# Why does each torch.bool value take up an entire byte?

``````In : import torch
In : t = ~torch.empty(100000000, dtype=torch.bool, device="cuda")
In : print(torch.cuda.memory_allocated())
100663296
In : print(100663296/100000000)
1.00663296
``````

As shown above, it looks like a large `torch.bool` tensor will take up roughly 1 byte per item (at least on CUDA. I don’t know how to measure this on CPU).

Why is that? I would have assumed that a bool needs only 1 bit to represent, not 8 (making up a byte).

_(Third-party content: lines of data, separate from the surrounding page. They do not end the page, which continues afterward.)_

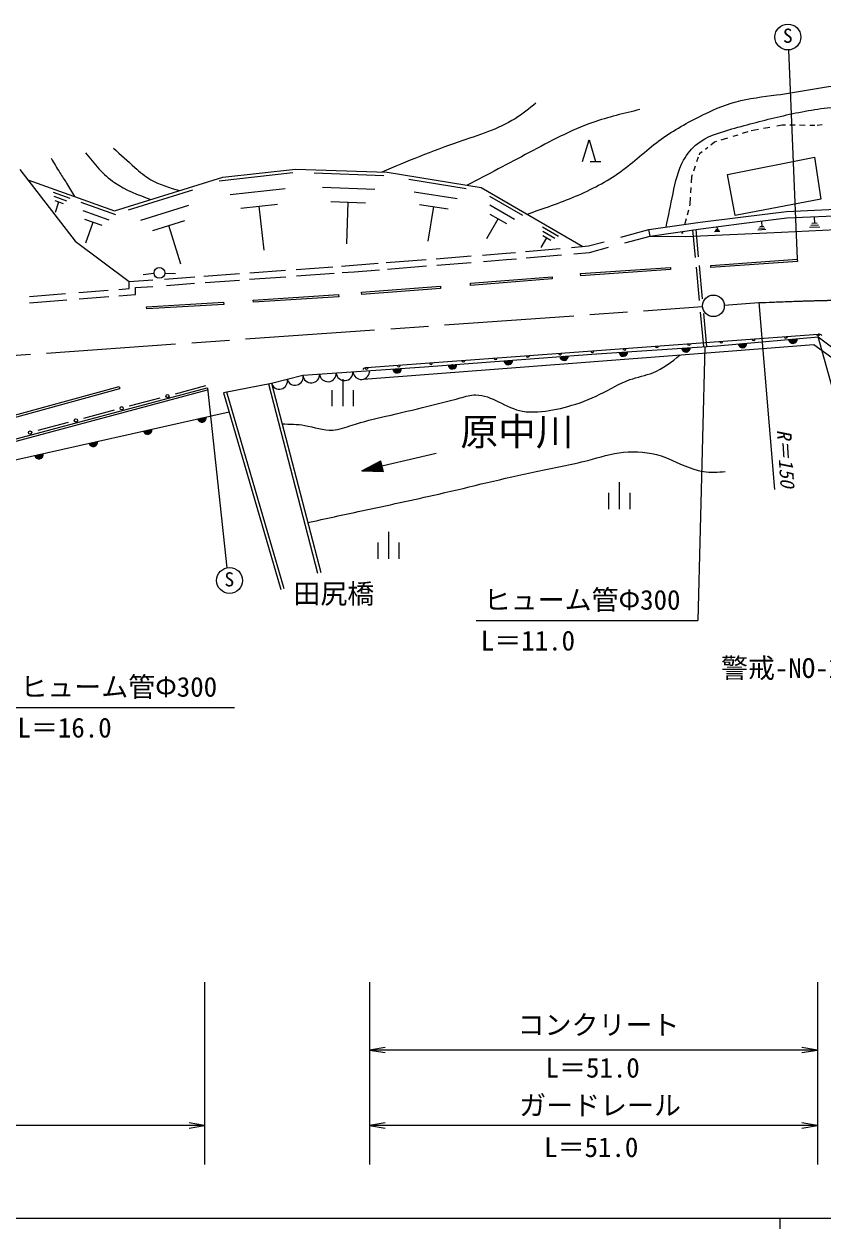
# Model space of a CAD drawing. Units: millimetres, scale not verified. Extents: x 40000 to 680000, y 20000 to 380000.
# Drawn here: x 197914 to 271988, y 204000 to 315745 of the extents above; entities that cross this region are included whole.
import ezdxf
from ezdxf.enums import TextEntityAlignment as Align

# ---------------------------------------------------------------- set-up
doc = ezdxf.new("R2010")
doc.units = ezdxf.units.MM
doc.header["$LTSCALE"] = 1000
doc.linetypes.add('CHAIN', pattern=[18.5, 12, -1.5, 3.5, -1.5])
for name, color, linetype, lineweight in [('M-BGD', 7, 'Continuous', 25), ('M-BMK', 2, 'CHAIN', 13), ('M-BMK-SRVR', 3, 'Continuous', 25), ('M-STR-HTXT', 7, 'Continuous', 13), ('M-STR-STR3', 7, 'Continuous', 25), ('M-STR-STRC', 7, 'Continuous', 25), ('M-TTL-BAND', 7, 'Continuous', 25)]:
    doc.layers.add(name, color=color, linetype=linetype, lineweight=lineweight)
doc.styles.add('ＭＳ ゴシック', font='')
doc.styles.get('ＭＳ ゴシック').set_extended_font_data('MS Gothic')

# ---------------------------------------------------------------- blocks, each defined once
blk = doc.blocks.new('open_arrow')
at = {"color": 0, "linetype": 'Continuous', "lineweight": -2}
blk.add_lwpolyline([(7.5, 1.25), (0, 0), (7.5, -1.25)], dxfattribs=at)

msp = doc.modelspace()

# ---------------------------------------------------------------- linework, layer by layer
at = {"layer": 'M-BGD'}
for p, q in [((266469, 306081), (267059, 306195)), ((267701, 306319), (268201, 306416)), ((268201, 306416), (268530, 306411)), ((268933, 306404), (269425, 306397)), ((269811, 306391), (270354, 306382)), ((270774, 306376), (271232, 306369)), ((271459, 306365), (271930, 306432)), ((262542, 304999), (263174, 305194)), ((263661, 305345), (264123, 305487)), ((264536, 305615), (265072, 305780)), ((265344, 305864), (266009, 305993)), ((249699, 303003), (250299, 305003)), ((250299, 305003), (250899, 303003)), ((261092, 304155), (261310, 304325)), ((261589, 304542), (261936, 304812)), ((261936, 304812), (262140, 304875)), ((250399, 303003), (251399, 303003)), ((260313, 302986), (260466, 303425)), ((260538, 303630), (260583, 303759)), ((260583, 303759), (260793, 303923)), ((263130, 301782), (271204, 303388)), ((271204, 303388), (271783, 299508)), ((197511, 302274), (202655, 295600)), ((216007, 301207), (222827, 301967)), ((216337, 301551), (223066, 302301)), ((223066, 302301), (231570, 301999)), ((224827, 301937), (231287, 301707)), ((231570, 301999), (240299, 300591)), ((259831, 301604), (259899, 301801)), ((260016, 302135), (260179, 302603)), ((263844, 297991), (263130, 301782)), ((198252, 301312), (206298, 298436)), ((206298, 298436), (216337, 301551)), ((225587, 300617), (230437, 300447)), ((233597, 301367), (238907, 300507)), ((259742, 300089), (259771, 300595)), ((259796, 301016), (259831, 301604)), ((200597, 300157), (202157, 299597)), ((200677, 299777), (201847, 299357)), ((207607, 298527), (213567, 300377)), ((217017, 299937), (222127, 300507)), ((234097, 300197), (238077, 299557)), ((240299, 300591), (249721, 295121)), ((241067, 299797), (244117, 298027)), ((259680, 299048), (259719, 299702)), ((271783, 299508), (263844, 297991)), ((200757, 299387), (201537, 299117)), ((200817, 298317), (201147, 299257)), ((203177, 299227), (206387, 298087)), ((203347, 298447), (205757, 297587)), ((208727, 297567), (213197, 298957)), ((218017, 298667), (221427, 299047)), ((220177, 294767), (219727, 298857)), ((226347, 299297), (229577, 299177)), ((227827, 295357), (227967, 299237)), ((234587, 299027), (237237, 298597)), ((235397, 295627), (235917, 298817)), ((241097, 298967), (243387, 297637)), ((259428, 298058), (259545, 298516)), ((259641, 298895), (259680, 299048)), ((264358, 297842), (268608, 298363)), ((268608, 298363), (274597, 298644)), ((203517, 297657), (205127, 297087)), ((203637, 295447), (204327, 297377)), ((209837, 296607), (212817, 297527)), ((240817, 295857), (241887, 297687)), ((241117, 298127), (242647, 297247)), ((255858, 296679), (260604, 297362)), ((259198, 297160), (259340, 297716)), ((260604, 297362), (264358, 297842)), ((260684, 296768), (264432, 297246)), ((264432, 297246), (268658, 297765)), ((266297, 297397), (266317, 296957)), ((268658, 297765), (274599, 298044)), ((271447, 297287), (270967, 297257)), ((271177, 297847), (271207, 297277)), ((212437, 293487), (211327, 297067)), ((245997, 296927), (247467, 296077)), ((246007, 296527), (247117, 295897)), ((246017, 296127), (246757, 295707)), ((253245, 295975), (255858, 296679)), ((255980, 296090), (255858, 296679)), ((255980, 296090), (260684, 296768)), ((259017, 296357), (258877, 296357)), ((258997, 296387), (258897, 296387)), ((258977, 296417), (258907, 296417)), ((258947, 296497), (258947, 296417)), ((259270, 296055), (268159, 296450)), ((259899, 296655), (260137, 294100)), ((260196, 296698), (260433, 294158)), ((262427, 296497), (261937, 296477)), ((262367, 296597), (261997, 296577)), ((262297, 296687), (262047, 296677)), ((262157, 296977), (262177, 296687)), ((266697, 296687), (265967, 296647)), ((266597, 296827), (266057, 296797)), ((266497, 296967), (266137, 296947)), ((268159, 296450), (275862, 296805)), ((271697, 296917), (270747, 296867)), ((271577, 297107), (270857, 297067)), ((202655, 295600), (207654, 291864)), ((245877, 295037), (246387, 295917)), ((248669, 295029), (250253, 295168)), ((250253, 295168), (251694, 295556)), ((250358, 294575), (252107, 295046)), ((253609, 295451), (255980, 296090)), ((255980, 296090), (259270, 296055)), ((231488, 293618), (235208, 293911)), ((236131, 293984), (239359, 294238)), ((240421, 294322), (242613, 294495)), ((240500, 293727), (242663, 293897)), ((242613, 294495), (243477, 294571)), ((242663, 293897), (243576, 293978)), ((244420, 294654), (247614, 294936)), ((244486, 294058), (247735, 294344)), ((248882, 294445), (250358, 294575)), ((261586, 293355), (269605, 293936)), ((269605, 293936), (269620, 293736)), ((218844, 292676), (222157, 292918)), ((223157, 292991), (226531, 293238)), ((227348, 293298), (228463, 293379)), ((227421, 292701), (228508, 292781)), ((228463, 293379), (230733, 293558)), ((228508, 292781), (230880, 292968)), ((231599, 293025), (235242, 293312)), ((236185, 293386), (239370, 293637)), ((249522, 292610), (257849, 293180)), ((257863, 292981), (249536, 292410)), ((257849, 293180), (257863, 292981)), ((260222, 293196), (260510, 290104)), ((260508, 293357), (260798, 290248)), ((261600, 293156), (261586, 293355)), ((269620, 293736), (261600, 293156)), ((207654, 291864), (209841, 292022)), ((207654, 291221), (207654, 291864)), ((209957, 292607), (208967, 292477)), ((210947, 292102), (213743, 292304)), ((210957, 292647), (211957, 292617)), ((211121, 291513), (213728, 291702)), ((214595, 292366), (217896, 292607)), ((214695, 291772), (217885, 292005)), ((218811, 292073), (222191, 292319)), ((223174, 292391), (226662, 292646)), ((239294, 291706), (246868, 292312)), ((239309, 291507), (239294, 291706)), ((246884, 292113), (239309, 291507)), ((246868, 292312), (246884, 292113)), ((249536, 292410), (249522, 292610)), ((198422, 290482), (201740, 290748)), ((202985, 290847), (205708, 291066)), ((206691, 291144), (207654, 291221)), ((206700, 290543), (208254, 290668)), ((208254, 291306), (209842, 291420)), ((208254, 290668), (208254, 291306)), ((219160, 290149), (227082, 290664)), ((227082, 290664), (227095, 290464)), ((229216, 290867), (236514, 291427)), ((229232, 290667), (229216, 290867)), ((236529, 291228), (229232, 290667)), ((236514, 291427), (236529, 291228)), ((198416, 289879), (201885, 290157)), ((203033, 290249), (205770, 290469)), ((209279, 289534), (216410, 289948)), ((209291, 289334), (209279, 289534)), ((216422, 289749), (209291, 289334)), ((216410, 289948), (216422, 289749)), ((219173, 289950), (219160, 290149)), ((227095, 290464), (219173, 289950)), ((260611, 289025), (260909, 285827)), ((260923, 288906), (261209, 285847)), ((229667, 283895), (271540, 286988)), ((262195, 285913), (271549, 286727)), ((271549, 286727), (277333, 282384)), ((229382, 282815), (258044, 285014)), ((235051, 283969), (250571, 285141)), ((250571, 285141), (262195, 285913)), ((258044, 285014), (271153, 286036)), ((271153, 286036), (276635, 282038)), ((223766, 283188), (235051, 283969)), ((220860, 282451), (223766, 283188)), ((227460, 282806), (227460, 280306)), ((192877, 278342), (206731, 282141)), ((192911, 278144), (206783, 281949)), ((194128, 276454), (214882, 282002)), ((194164, 276257), (214933, 281809)), ((206731, 282141), (206783, 281949)), ((214750, 282180), (211919, 281428)), ((214882, 282002), (214933, 281809)), ((216399, 281568), (220860, 282451)), ((216695, 281627), (221996, 263383)), ((220565, 282393), (225130, 264815)), ((220860, 282451), (225420, 264891)), ((226460, 281806), (226460, 280306)), ((228460, 280306), (228460, 281806)), ((210503, 281053), (207672, 280301)), ((216407, 281543), (221708, 263299)), ((191750, 274121), (216916, 279790)), ((206256, 279926), (203425, 279175)), ((202010, 278799), (199179, 278048)), ((236122, 275910), (229231, 274312)), ((229231, 274312), (230996, 275253)), ((230472, 274270), (230327, 274896)), ((230524, 274268), (230373, 274921)), ((230576, 274266), (230419, 274945)), ((230628, 274265), (230464, 274969)), ((230679, 274263), (230510, 274994)), ((230731, 274261), (230556, 275018)), ((230783, 274259), (230601, 275042)), ((230835, 274258), (230647, 275067)), ((230886, 274256), (230693, 275091)), ((230938, 274254), (230738, 275115)), ((230990, 274252), (230784, 275140)), ((231041, 274251), (230830, 275164)), ((231093, 274249), (230875, 275189)), ((231145, 274247), (230921, 275213)), ((231197, 274245), (230967, 275237)), ((231230, 274244), (230996, 275253)), ((229231, 274312), (231230, 274244)), ((229283, 274310), (229276, 274337)), ((229334, 274309), (229322, 274361)), ((229386, 274307), (229368, 274385)), ((229438, 274305), (229414, 274410)), ((229489, 274303), (229459, 274434)), ((229541, 274302), (229505, 274458)), ((229593, 274300), (229551, 274483)), ((229645, 274298), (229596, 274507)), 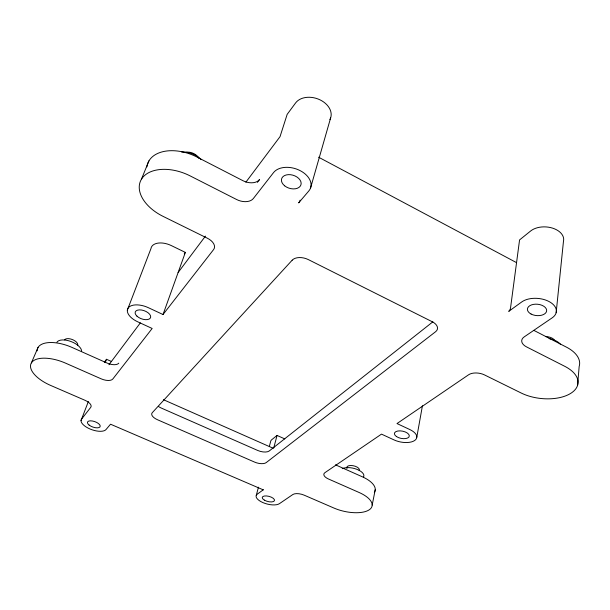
<?xml version="1.0" encoding="UTF-8"?>
<svg xmlns="http://www.w3.org/2000/svg" width="610" height="610" viewBox="0 0 610 610"><rect width="100%" height="100%" fill="white"/><g stroke="black" fill="none" stroke-linecap="round" stroke-linejoin="round"><path stroke-width="0.91" d="M577.563 385.428L579.164 366.48A35.037 19.291 5.9 0 0 566.545 347.204L533.819 330.361M556.16 312.678L563.465 241.301A18.437 11.857 3.7 0 0 552.523 228.117A18.437 11.857 3.7 0 0 530.647 230.992L519.567 239.921L510.555 307.859A3.119 1.327 -61.1 0 1 508.725 311.375L521.71 301.973A19.329 11.399 5.4 0 1 548.924 301.477A19.329 11.399 5.4 0 1 552.164 317.848L524.188 336.903A12.36 6.992 6 0 0 526.506 346.869L564.753 366.313A35.449 19.024 6.2 0 1 570.556 393.473A35.449 19.024 6.2 0 1 521.237 393.038L484.477 374.906A11.392 6.123 8.5 0 0 468.64 374.753L396.996 423.561L409.813 429.539A15.128 7.396 11.3 0 1 414.548 440.58A15.128 7.396 11.3 0 1 394.068 439.932L381.486 434.129L324.878 472.697A9.081 4.064 13.2 0 0 328.447 478.98L359.183 492.522A26.322 11.338 12.9 0 1 368.875 510.036A26.322 11.338 12.9 0 1 333.914 508.038L304.176 495.167A8.593 3.652 14 0 0 292.846 494.519L279.418 503.669A12.642 5.292 14.7 0 1 263.047 502.648A12.642 5.292 14.7 0 1 257.252 494.191L263.276 489.784A2.158 0.633 -67 0 1 262.956 489.601M416.782 437.279L422.433 405.749M372.184 505.08L375.264 489.533M273.738 447.969L277.039 435.441L284.801 438.903M256.276 495.343L258.457 487.176M269.346 446.375L270.794 440.931A12.238 5.681 14.7 0 1 271.778 439.68L277.039 435.441M310.589 187.865L330.65 117.86M263.139 489.799L110.54 424.209L106.003 429.562A13.412 5.772 19.3 0 1 89.998 428.99A13.412 5.772 19.3 0 1 81.572 419.116L90.776 407.297A9.241 4.079 19.9 0 0 84.942 400.274L50.714 385.459A28.952 13.138 20.9 0 1 31.522 362.675A28.952 13.138 20.9 0 1 65.552 363.141L101.146 378.825A9.775 4.583 20 0 0 112.835 378.978L152.165 328.47L137.7 321.805A16.317 8.57 20.2 0 1 128.23 307.89A16.317 8.57 20.2 0 1 148.238 307.638L163.023 314.524L185.349 252.403L171.257 245.555A15.662 9.036 20.9 0 0 150.96 248.583L127.353 310.071M105.202 362.691L106.514 359.282L111.592 361.547M81.031 420.526L88.381 401.494M141.39 179.294L148.947 160.872M31.362 362.927L38.056 347.433M104.318 362.256L106.514 359.282M184.25 253.89L185.349 252.403M108.946 364.757L140.353 322.881M178.105 272.548L205.44 236.108M245.868 182.207L280.028 136.663L287.158 114.375L295.598 102.945A19.245 14.007 17.9 0 1 320.036 99.857A19.245 14.007 17.9 0 1 329.918 119.537M257.397 182.337L259.517 179.569A12.985 8.601 19.8 0 1 242.94 180.69L197.106 157.105A38.239 24.316 22.4 0 0 146.873 166.911M163.023 314.524L213.614 249.551A12.208 7.274 19.9 0 0 207.369 238.213L163.114 216.39A38.743 24.042 22.1 0 1 141.779 178.692A38.743 24.042 22.1 0 1 190.061 175.855L236.604 199.516A13.161 8.509 19.6 0 0 253.363 198.509L273.554 172.584A20.26 13.557 17.4 0 1 300.219 170.67A20.26 13.557 17.4 0 1 308.812 190.968L298.656 202.886A3.317 0.702 -63.1 0 0 298.969 202.421M432.879 321.813L269.292 450.942A8.944 4.087 15.2 0 1 257.748 450.477L161.421 408.105A9.234 4.3 18.1 0 1 158.501 406.458M163.442 399.702L273.097 448.213M335.485 464.835L362.431 476.845A26.085 11.567 12.8 0 1 374.311 492.415M318.565 157.189L516.556 262.651M346.976 468.434A6.458 2.951 12.7 0 1 353.037 465.689A6.458 2.951 12.7 0 1 359.198 470.554M64.622 339.839A7.091 3.408 21.3 0 1 72.964 339.8A7.091 3.408 21.3 0 1 77.516 345.603M56.936 342.225A13.275 6.321 21.3 0 1 70.966 341.508A13.275 6.321 21.3 0 1 81.633 351.421M342.233 468.686A12.086 5.475 12.7 0 1 356.987 469.364A12.086 5.475 12.7 0 1 363.491 477.05M185.631 152.37A9.424 6.138 22.8 0 1 198.883 158.249M545.5 336.583A8.647 4.888 5.5 0 1 554.566 340.25M181.658 152.035A17.667 11.43 22.7 0 1 201.224 159.667M549.061 338.611A16.203 9.089 5.6 0 1 560.598 344.475M118.782 363.171A9.676 4.667 20.1 0 1 107.177 363.095L72.003 347.418A28.67 13.382 21.1 0 0 37.157 350.841M300.15 200.171A3.317 0.702 -63.1 0 1 299.289 201.902M292.182 260.18L152.21 412.757A9.295 4.239 18 0 0 157.471 419.733L254.576 462.09A9.005 4.034 15.2 0 0 266.181 462.616L435.586 331.733A11.895 6.855 10.1 0 0 432.2 321.714L308.37 259.616A12.23 7.434 15.5 0 0 292.182 260.18M89.098 425.056A6.71 2.882 19.3 0 0 99.926 426.962A6.71 2.882 19.3 0 0 92.461 421.007A6.71 2.882 19.3 0 0 89.098 425.056M136.922 316.117A8.159 4.285 20.2 0 0 150.228 318.206A8.159 4.285 20.2 0 0 141.566 310.025A8.159 4.285 20.2 0 0 136.922 316.117M396.393 436.501A7.564 3.698 11.3 0 0 408.982 436.951A7.564 3.698 11.3 0 0 400.213 430.866A7.564 3.698 11.3 0 0 396.393 436.501M284.641 185.814A10.126 6.779 17.4 0 0 300.936 184.845A10.126 6.779 17.4 0 0 288.271 174.651A10.126 6.779 17.4 0 0 284.641 185.814M264.344 500.116A6.321 2.646 14.7 0 0 274.416 500.749A6.321 2.646 14.7 0 0 266.372 495.93A6.321 2.646 14.7 0 0 264.344 500.116M531.074 314.036A9.661 5.704 5.4 0 0 546.568 311.306A9.661 5.704 5.4 0 0 533.46 304.382A9.661 5.704 5.4 0 0 531.074 314.036"/></g></svg>

The size of a bool is implementation dependent, and I think 1 byte is a relatively common choice. See also: torch.cuda.BoolTensor uses 8 bits per element, not 1 bit as reported by element_size() · Issue #41571 · pytorch/pytorch · GitHub

As a quick summary (and to verify I got this right), looks like this is currently implemented as-is to facilitate in-memory addressing, but some experts are already looking into fixing this, using features developed for newer 2-bit/4-bit dtypes.

In the mean time, as a workaround, given that PyTorch has a set of bitwise logical operator that can work with uint8, we could conceivably re-organize a 8*N sized bool tensor into a N sized uint8 tensor with the following benefits:

1. Using less memory
2. More efficient computations (maybe?)

And the following cons:

1. Indexing/slicing the compressed tensor at the sub-byte level is complicated without de-compression
2. Some more complex operations like masking will not be supported

As for the conversion method, my current best idea would be:

• converting from “uint8bool” to bool: right shift the values according to indexes, and check for 1 mod 2
• converting from bool to “uint8bool”: convert bool to int, left shift according to index, and sum
``````In : uint8_tensor = torch.randint(0, 255, (1, 2), dtype=torch.uint8)
In : uint8_tensor
tensor([[67, 27]], dtype=torch.uint8)

In : indexes = torch.arange(8).unsqueeze(0).unsqueeze(0)
In : indexes
tensor([[[0, 1, 2, 3, 4, 5, 6, 7]]])

In : bool_tensor = bool_tensor = (uint8_tensor.unsqueeze(-1)>>indexes)%2==1
In : bool_tensor
tensor([[[ True,  True, False, False, False, False,  True, False],
[ True,  True, False,  True,  True, False, False, False]]])

In : reconverted = (bool_tensor.byte() << indexes).sum(dim=-1)
In : reconverted
tensor([[67, 27]])

In : uint8_tensor[0,0] | uint8_tensor[0,1]
tensor(91, dtype=torch.uint8)
In : 1+2+8+16+64
91
In : uint8_tensor[0,0] & uint8_tensor[0,1]
tensor(3, dtype=torch.uint8)
``````

The “uint8bool” has the most significant bit at the end, which might not be what most people prefer. In that case, inverting `indexes` should be enough.